> _HOW TO COMPLETE THIS TASK_
Return, word for word, only the lines of the data below that lie between the line with "point P3 (2, -7)" and the line with "of A1.start A0.start", those two lines included.

(PROVIDED RECORDS)

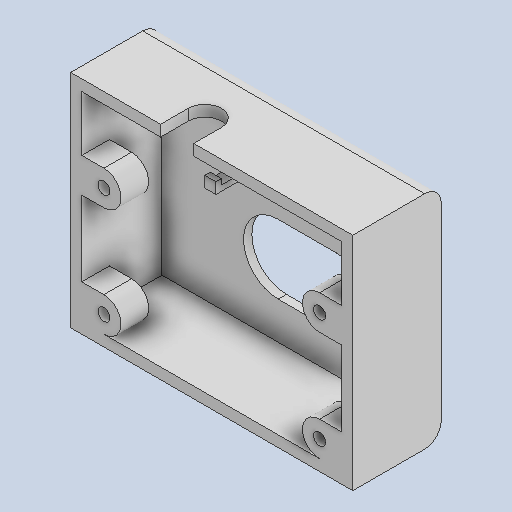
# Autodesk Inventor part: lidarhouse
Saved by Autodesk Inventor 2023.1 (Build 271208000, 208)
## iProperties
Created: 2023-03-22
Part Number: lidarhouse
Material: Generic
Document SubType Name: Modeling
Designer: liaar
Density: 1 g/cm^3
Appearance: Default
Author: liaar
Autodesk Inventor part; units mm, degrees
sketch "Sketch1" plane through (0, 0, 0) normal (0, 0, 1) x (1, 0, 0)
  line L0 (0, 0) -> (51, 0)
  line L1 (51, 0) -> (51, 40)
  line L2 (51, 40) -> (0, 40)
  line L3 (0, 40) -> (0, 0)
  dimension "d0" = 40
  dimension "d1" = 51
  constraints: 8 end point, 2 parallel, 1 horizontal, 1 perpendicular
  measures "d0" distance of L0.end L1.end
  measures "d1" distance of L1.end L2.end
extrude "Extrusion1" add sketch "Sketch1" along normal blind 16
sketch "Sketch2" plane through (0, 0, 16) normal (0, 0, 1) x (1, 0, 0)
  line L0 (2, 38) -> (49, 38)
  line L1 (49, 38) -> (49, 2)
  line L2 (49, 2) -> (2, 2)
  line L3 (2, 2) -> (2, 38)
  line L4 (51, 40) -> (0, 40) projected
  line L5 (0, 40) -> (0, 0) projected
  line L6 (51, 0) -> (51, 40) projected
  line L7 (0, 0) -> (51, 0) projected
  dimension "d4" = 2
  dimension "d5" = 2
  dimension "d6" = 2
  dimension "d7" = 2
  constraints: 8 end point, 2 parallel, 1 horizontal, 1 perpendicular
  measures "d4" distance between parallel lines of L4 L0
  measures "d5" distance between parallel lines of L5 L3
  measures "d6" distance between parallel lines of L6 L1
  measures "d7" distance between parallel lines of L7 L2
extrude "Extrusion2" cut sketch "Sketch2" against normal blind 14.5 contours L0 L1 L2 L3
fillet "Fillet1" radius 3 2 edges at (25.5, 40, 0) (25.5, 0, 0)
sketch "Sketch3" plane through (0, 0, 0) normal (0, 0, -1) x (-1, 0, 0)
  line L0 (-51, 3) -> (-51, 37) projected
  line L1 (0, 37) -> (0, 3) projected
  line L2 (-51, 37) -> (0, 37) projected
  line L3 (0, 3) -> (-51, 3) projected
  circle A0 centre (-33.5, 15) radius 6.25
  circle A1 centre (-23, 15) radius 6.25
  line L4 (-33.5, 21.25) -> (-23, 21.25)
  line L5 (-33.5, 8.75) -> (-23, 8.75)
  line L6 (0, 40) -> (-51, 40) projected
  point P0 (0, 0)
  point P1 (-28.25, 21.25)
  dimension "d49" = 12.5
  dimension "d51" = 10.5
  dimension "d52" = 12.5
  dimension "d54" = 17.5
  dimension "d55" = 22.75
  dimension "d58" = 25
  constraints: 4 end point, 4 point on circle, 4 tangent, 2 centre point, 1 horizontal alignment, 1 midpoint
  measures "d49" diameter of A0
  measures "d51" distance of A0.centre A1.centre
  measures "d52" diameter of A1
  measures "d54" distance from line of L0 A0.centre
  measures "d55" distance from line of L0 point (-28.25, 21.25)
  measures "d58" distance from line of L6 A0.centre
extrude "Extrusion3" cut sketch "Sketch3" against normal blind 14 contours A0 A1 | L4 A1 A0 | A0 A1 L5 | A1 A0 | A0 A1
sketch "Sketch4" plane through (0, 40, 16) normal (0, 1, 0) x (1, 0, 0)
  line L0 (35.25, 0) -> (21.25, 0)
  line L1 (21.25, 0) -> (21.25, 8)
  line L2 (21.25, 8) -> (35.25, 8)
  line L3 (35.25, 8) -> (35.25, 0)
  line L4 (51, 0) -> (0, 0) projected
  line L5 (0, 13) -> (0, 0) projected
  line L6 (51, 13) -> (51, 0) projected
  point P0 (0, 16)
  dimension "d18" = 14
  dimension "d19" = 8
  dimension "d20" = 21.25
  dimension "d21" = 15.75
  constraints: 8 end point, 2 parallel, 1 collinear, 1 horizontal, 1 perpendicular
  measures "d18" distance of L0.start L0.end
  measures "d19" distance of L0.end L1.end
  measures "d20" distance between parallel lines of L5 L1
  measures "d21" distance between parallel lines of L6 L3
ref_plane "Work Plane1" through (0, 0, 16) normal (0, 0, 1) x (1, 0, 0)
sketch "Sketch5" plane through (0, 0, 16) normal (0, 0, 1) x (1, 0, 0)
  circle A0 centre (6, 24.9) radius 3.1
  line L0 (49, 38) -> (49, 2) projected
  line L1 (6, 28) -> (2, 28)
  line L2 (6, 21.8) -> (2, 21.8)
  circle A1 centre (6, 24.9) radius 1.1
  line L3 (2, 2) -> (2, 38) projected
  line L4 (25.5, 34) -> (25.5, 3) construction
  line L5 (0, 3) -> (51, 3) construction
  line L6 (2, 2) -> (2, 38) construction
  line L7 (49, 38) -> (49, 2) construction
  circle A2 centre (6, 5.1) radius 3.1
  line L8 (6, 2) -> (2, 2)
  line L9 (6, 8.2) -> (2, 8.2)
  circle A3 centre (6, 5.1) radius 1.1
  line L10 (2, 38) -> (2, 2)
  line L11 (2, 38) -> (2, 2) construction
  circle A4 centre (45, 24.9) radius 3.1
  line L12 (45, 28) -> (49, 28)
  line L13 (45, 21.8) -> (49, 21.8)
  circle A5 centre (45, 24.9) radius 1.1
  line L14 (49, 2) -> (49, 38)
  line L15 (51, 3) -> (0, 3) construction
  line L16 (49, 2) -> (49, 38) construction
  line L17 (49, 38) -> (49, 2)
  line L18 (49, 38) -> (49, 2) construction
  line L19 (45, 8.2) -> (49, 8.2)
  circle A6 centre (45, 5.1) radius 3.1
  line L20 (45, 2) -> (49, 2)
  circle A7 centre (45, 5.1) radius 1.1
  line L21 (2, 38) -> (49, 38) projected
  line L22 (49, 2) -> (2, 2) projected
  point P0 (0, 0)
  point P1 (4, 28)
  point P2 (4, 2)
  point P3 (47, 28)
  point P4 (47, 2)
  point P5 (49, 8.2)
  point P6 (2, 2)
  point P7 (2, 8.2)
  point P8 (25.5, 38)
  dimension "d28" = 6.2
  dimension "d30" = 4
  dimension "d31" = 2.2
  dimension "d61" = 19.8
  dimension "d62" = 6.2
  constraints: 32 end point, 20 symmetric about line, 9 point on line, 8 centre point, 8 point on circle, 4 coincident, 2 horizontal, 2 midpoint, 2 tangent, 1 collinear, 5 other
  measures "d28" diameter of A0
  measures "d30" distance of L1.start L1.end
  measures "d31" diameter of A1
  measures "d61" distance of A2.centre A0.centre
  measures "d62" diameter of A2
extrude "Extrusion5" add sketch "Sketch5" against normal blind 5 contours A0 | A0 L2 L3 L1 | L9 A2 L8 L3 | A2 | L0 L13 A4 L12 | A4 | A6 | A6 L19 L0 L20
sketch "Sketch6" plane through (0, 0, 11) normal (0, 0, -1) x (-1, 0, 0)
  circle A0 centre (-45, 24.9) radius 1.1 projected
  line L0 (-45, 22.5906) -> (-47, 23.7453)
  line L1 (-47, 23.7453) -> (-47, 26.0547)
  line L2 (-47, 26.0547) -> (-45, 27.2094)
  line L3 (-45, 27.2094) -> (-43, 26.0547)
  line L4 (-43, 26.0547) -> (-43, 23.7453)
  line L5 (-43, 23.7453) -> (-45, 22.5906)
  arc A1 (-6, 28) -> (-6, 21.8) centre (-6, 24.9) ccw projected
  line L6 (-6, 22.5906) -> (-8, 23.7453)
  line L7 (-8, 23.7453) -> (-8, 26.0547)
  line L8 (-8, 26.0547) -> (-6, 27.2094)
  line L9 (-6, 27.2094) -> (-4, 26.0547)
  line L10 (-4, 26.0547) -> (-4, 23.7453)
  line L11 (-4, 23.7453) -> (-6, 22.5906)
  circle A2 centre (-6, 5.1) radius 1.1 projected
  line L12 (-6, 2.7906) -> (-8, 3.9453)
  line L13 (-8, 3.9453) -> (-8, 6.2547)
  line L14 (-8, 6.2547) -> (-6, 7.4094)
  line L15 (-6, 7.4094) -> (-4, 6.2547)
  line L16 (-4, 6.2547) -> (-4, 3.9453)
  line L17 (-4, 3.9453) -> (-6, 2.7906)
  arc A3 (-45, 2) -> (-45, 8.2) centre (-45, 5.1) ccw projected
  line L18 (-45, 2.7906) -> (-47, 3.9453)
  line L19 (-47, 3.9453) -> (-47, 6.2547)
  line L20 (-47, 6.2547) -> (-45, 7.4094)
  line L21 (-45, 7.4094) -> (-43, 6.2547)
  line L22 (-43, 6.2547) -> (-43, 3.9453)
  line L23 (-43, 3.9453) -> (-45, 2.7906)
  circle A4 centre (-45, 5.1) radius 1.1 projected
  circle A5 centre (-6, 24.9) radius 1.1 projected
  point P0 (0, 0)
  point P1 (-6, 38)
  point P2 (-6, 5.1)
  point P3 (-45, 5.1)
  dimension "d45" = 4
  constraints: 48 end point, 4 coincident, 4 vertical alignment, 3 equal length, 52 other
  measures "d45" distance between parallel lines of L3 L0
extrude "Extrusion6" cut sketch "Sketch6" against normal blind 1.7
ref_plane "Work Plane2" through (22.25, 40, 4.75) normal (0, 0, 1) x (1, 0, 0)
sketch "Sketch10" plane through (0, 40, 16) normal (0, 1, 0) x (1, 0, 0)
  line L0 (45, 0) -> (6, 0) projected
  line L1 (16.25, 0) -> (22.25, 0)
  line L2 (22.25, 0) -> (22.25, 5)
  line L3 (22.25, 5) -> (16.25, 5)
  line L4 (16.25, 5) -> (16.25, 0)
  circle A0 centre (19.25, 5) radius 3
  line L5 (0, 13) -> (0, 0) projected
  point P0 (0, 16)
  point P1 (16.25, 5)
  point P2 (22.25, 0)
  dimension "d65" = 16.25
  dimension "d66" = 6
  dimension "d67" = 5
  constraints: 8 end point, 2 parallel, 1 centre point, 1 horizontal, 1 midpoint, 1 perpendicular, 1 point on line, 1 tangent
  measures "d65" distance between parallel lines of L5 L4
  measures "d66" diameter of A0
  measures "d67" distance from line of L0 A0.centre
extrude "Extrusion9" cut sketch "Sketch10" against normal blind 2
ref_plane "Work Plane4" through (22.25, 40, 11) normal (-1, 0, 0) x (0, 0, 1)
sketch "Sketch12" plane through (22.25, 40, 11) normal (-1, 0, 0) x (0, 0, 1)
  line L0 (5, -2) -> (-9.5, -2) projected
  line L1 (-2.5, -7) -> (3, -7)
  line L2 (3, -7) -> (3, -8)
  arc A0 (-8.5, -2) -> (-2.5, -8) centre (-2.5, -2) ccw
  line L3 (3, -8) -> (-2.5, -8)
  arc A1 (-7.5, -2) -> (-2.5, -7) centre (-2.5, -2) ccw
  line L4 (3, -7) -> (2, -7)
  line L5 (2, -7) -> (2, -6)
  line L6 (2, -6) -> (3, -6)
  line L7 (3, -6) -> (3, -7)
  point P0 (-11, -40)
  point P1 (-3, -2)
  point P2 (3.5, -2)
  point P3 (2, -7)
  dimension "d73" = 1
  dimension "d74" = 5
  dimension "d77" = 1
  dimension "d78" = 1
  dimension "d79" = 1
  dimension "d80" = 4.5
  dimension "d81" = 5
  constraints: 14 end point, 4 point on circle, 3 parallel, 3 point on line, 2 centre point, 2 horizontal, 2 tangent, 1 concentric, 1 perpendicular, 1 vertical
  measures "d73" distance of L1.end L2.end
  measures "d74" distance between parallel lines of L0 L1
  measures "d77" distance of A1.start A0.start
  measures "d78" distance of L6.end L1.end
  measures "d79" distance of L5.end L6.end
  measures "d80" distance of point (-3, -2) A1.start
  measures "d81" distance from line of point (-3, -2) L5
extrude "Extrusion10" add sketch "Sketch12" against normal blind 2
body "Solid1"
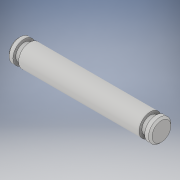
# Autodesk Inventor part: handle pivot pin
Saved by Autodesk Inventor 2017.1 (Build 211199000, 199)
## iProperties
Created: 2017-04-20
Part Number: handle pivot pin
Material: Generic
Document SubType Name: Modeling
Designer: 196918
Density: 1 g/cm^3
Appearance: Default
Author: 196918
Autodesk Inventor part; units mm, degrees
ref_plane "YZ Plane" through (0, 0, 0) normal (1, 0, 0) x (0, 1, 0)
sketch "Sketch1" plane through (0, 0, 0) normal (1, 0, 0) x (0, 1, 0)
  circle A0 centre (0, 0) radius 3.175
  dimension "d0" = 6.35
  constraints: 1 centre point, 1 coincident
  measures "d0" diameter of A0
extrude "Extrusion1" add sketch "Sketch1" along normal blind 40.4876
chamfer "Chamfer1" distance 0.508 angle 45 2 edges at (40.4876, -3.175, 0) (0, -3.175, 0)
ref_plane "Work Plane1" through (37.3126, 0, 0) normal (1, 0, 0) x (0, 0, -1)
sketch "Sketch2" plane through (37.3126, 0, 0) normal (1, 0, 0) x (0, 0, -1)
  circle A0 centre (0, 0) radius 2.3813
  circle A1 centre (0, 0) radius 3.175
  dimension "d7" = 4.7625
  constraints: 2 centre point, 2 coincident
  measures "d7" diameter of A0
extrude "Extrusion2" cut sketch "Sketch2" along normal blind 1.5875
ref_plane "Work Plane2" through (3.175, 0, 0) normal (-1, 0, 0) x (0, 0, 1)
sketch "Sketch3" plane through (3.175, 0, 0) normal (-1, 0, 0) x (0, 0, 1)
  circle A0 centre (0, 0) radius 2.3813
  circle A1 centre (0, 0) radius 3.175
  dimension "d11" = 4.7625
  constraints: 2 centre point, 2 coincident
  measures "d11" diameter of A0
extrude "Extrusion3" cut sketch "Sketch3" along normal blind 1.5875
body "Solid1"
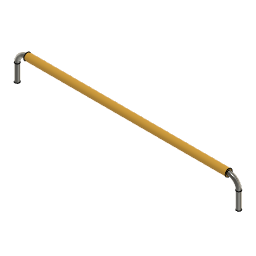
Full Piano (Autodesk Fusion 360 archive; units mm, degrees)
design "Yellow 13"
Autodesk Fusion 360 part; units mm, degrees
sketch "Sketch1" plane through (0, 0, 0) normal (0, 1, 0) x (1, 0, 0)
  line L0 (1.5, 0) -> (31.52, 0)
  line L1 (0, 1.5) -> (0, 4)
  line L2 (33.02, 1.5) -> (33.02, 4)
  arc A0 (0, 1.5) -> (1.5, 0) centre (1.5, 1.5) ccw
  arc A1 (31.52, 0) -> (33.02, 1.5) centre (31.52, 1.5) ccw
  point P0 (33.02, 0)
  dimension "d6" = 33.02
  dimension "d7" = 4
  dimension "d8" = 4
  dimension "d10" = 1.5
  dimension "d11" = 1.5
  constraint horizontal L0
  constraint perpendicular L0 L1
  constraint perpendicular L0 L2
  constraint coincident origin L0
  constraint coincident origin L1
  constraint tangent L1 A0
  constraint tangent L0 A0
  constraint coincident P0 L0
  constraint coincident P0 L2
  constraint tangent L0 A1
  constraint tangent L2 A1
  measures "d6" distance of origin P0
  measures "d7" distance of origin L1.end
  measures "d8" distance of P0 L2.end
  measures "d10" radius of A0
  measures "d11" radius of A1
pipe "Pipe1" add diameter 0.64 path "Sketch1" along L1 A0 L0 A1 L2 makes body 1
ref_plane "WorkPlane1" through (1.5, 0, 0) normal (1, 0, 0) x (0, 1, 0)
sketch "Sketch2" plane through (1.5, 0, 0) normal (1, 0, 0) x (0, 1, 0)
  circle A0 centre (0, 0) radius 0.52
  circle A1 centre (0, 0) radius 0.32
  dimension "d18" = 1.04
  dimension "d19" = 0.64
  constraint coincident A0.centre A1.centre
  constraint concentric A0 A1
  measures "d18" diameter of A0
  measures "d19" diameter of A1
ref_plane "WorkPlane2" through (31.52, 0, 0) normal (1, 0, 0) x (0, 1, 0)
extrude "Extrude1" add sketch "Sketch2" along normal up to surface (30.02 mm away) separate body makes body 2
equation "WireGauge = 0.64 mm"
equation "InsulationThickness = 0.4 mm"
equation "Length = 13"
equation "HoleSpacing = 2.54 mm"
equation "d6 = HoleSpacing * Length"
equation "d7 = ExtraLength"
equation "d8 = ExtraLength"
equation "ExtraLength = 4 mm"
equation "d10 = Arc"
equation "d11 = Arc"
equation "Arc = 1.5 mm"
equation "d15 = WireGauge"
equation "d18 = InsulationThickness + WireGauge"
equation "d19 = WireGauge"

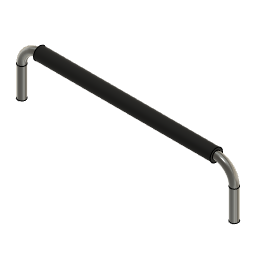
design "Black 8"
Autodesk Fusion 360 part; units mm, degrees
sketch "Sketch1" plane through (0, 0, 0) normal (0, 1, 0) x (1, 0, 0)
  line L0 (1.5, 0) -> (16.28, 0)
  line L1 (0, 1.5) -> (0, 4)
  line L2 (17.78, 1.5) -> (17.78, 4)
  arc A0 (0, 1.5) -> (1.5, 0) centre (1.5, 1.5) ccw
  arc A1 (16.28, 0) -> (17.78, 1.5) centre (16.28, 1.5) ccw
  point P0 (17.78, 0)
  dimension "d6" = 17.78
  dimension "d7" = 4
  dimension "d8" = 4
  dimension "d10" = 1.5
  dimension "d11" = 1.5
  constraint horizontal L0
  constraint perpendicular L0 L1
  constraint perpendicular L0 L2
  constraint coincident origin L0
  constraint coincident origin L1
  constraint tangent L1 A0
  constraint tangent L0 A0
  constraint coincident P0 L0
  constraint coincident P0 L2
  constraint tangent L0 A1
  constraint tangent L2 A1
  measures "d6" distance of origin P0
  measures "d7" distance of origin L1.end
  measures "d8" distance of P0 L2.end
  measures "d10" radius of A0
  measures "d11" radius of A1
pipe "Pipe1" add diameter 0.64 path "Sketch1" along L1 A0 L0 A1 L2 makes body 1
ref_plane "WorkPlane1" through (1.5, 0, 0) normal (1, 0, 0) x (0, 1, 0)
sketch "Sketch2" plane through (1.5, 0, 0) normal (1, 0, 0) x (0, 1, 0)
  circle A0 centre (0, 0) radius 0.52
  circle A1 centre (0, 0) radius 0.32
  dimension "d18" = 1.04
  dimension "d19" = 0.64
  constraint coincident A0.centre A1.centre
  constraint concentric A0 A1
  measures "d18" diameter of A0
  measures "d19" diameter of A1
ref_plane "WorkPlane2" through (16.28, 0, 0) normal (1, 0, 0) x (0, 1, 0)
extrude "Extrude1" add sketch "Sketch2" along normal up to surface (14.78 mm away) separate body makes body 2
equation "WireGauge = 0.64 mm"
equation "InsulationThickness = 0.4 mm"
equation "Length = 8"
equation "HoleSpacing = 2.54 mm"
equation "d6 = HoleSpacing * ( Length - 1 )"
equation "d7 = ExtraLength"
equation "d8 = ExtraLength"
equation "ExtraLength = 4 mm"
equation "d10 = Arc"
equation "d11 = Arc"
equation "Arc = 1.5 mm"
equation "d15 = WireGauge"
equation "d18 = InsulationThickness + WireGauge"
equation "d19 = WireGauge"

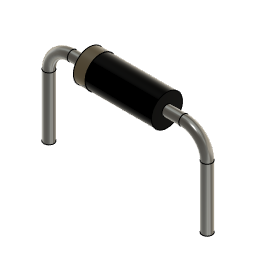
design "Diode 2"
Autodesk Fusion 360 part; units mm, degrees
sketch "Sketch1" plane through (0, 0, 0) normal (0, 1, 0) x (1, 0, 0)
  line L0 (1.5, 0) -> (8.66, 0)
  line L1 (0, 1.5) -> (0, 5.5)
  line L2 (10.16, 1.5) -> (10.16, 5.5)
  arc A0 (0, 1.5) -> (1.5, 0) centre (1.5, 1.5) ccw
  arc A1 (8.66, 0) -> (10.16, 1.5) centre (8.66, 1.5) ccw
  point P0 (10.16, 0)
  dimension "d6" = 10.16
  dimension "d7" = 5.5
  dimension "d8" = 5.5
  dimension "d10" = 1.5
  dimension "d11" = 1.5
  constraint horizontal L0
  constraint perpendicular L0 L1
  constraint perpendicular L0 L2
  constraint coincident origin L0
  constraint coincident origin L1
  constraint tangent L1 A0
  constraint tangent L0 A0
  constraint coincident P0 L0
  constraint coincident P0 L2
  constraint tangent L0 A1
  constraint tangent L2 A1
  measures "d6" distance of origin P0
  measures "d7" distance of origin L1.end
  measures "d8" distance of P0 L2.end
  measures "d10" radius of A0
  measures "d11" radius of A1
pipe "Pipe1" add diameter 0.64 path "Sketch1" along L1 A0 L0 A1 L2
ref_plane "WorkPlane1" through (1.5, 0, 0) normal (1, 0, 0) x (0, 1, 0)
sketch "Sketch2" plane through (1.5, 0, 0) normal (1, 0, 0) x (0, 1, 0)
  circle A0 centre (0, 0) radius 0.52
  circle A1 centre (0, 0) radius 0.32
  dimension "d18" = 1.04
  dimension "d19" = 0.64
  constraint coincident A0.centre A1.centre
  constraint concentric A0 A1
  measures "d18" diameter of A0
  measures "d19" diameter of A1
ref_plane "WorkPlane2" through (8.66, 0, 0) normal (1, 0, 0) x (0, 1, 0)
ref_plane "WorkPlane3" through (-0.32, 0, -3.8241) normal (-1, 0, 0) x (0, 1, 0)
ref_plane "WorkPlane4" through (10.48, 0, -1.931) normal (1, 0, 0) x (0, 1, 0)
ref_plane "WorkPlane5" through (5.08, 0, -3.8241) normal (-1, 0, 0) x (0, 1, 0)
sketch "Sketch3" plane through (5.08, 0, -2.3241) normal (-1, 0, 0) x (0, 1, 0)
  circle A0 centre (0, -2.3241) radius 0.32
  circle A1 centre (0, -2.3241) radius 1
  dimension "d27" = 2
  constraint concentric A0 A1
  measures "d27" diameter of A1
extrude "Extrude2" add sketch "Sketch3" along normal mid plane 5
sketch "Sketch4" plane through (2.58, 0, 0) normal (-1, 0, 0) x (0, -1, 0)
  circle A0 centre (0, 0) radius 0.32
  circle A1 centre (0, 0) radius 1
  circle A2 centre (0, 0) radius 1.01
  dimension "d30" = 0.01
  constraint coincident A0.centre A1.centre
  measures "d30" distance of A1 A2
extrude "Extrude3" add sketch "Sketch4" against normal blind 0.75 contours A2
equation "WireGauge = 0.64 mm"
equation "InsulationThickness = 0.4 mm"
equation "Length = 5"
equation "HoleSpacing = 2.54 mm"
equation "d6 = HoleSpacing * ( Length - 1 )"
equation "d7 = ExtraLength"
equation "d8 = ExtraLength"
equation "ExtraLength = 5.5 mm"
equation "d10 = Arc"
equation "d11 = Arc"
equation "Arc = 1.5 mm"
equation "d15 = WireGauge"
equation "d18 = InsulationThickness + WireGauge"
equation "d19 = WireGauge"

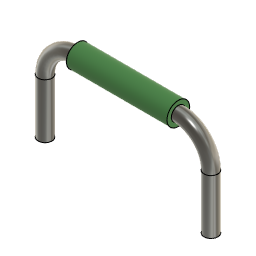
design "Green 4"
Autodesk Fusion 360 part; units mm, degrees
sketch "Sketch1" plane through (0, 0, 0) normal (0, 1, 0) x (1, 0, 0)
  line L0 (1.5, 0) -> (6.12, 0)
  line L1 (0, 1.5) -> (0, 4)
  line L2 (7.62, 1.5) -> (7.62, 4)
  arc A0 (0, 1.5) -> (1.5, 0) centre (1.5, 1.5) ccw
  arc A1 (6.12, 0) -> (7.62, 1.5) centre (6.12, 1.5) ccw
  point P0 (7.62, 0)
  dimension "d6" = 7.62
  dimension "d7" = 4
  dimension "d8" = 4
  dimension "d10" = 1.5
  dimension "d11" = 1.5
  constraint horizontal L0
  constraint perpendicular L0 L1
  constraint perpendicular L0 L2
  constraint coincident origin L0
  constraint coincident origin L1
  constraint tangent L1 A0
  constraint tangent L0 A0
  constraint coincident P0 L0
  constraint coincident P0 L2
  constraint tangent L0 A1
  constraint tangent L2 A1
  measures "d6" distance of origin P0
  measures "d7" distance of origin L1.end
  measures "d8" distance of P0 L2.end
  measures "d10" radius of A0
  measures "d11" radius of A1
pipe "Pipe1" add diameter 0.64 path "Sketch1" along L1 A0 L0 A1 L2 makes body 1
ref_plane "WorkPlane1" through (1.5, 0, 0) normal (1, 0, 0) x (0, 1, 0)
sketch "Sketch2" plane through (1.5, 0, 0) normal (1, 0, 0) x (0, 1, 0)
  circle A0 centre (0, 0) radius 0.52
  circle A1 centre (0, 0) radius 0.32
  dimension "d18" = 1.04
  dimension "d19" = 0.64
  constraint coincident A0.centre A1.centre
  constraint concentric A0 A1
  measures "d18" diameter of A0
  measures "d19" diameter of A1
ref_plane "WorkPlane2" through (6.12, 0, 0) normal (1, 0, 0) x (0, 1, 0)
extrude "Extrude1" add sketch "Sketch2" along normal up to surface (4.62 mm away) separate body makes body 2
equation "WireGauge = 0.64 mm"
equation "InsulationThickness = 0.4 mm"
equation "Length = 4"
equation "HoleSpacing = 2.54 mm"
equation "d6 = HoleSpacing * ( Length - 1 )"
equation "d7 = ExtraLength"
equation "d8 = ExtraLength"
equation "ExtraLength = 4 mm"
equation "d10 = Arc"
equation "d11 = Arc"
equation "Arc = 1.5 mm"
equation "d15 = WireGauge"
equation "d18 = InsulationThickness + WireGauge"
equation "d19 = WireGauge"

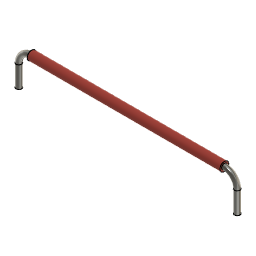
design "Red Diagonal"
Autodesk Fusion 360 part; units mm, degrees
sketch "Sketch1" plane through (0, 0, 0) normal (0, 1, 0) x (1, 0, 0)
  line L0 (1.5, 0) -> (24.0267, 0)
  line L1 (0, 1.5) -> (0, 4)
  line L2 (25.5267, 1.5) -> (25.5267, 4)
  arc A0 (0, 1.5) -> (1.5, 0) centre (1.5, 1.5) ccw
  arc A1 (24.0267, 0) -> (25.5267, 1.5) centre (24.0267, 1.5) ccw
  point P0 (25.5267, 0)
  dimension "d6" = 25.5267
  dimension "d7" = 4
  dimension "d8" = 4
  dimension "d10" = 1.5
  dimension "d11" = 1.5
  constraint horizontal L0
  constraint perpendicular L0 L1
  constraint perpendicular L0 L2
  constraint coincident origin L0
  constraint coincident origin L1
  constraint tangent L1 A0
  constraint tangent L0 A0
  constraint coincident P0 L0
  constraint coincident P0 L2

(End PROVIDED RECORDS)

> _RESPONSE FOR THIS EXERCISE_
  point P3 (2, -7)
  dimension "d73" = 1
  dimension "d74" = 5
  dimension "d77" = 1
  dimension "d78" = 1
  dimension "d79" = 1
  dimension "d80" = 4.5
  dimension "d81" = 5
  constraints: 14 end point, 4 point on circle, 3 parallel, 3 point on line, 2 centre point, 2 horizontal, 2 tangent, 1 concentric, 1 perpendicular, 1 vertical
  measures "d73" distance of L1.end L2.end
  measures "d74" distance between parallel lines of L0 L1
  measures "d77" distance of A1.start A0.start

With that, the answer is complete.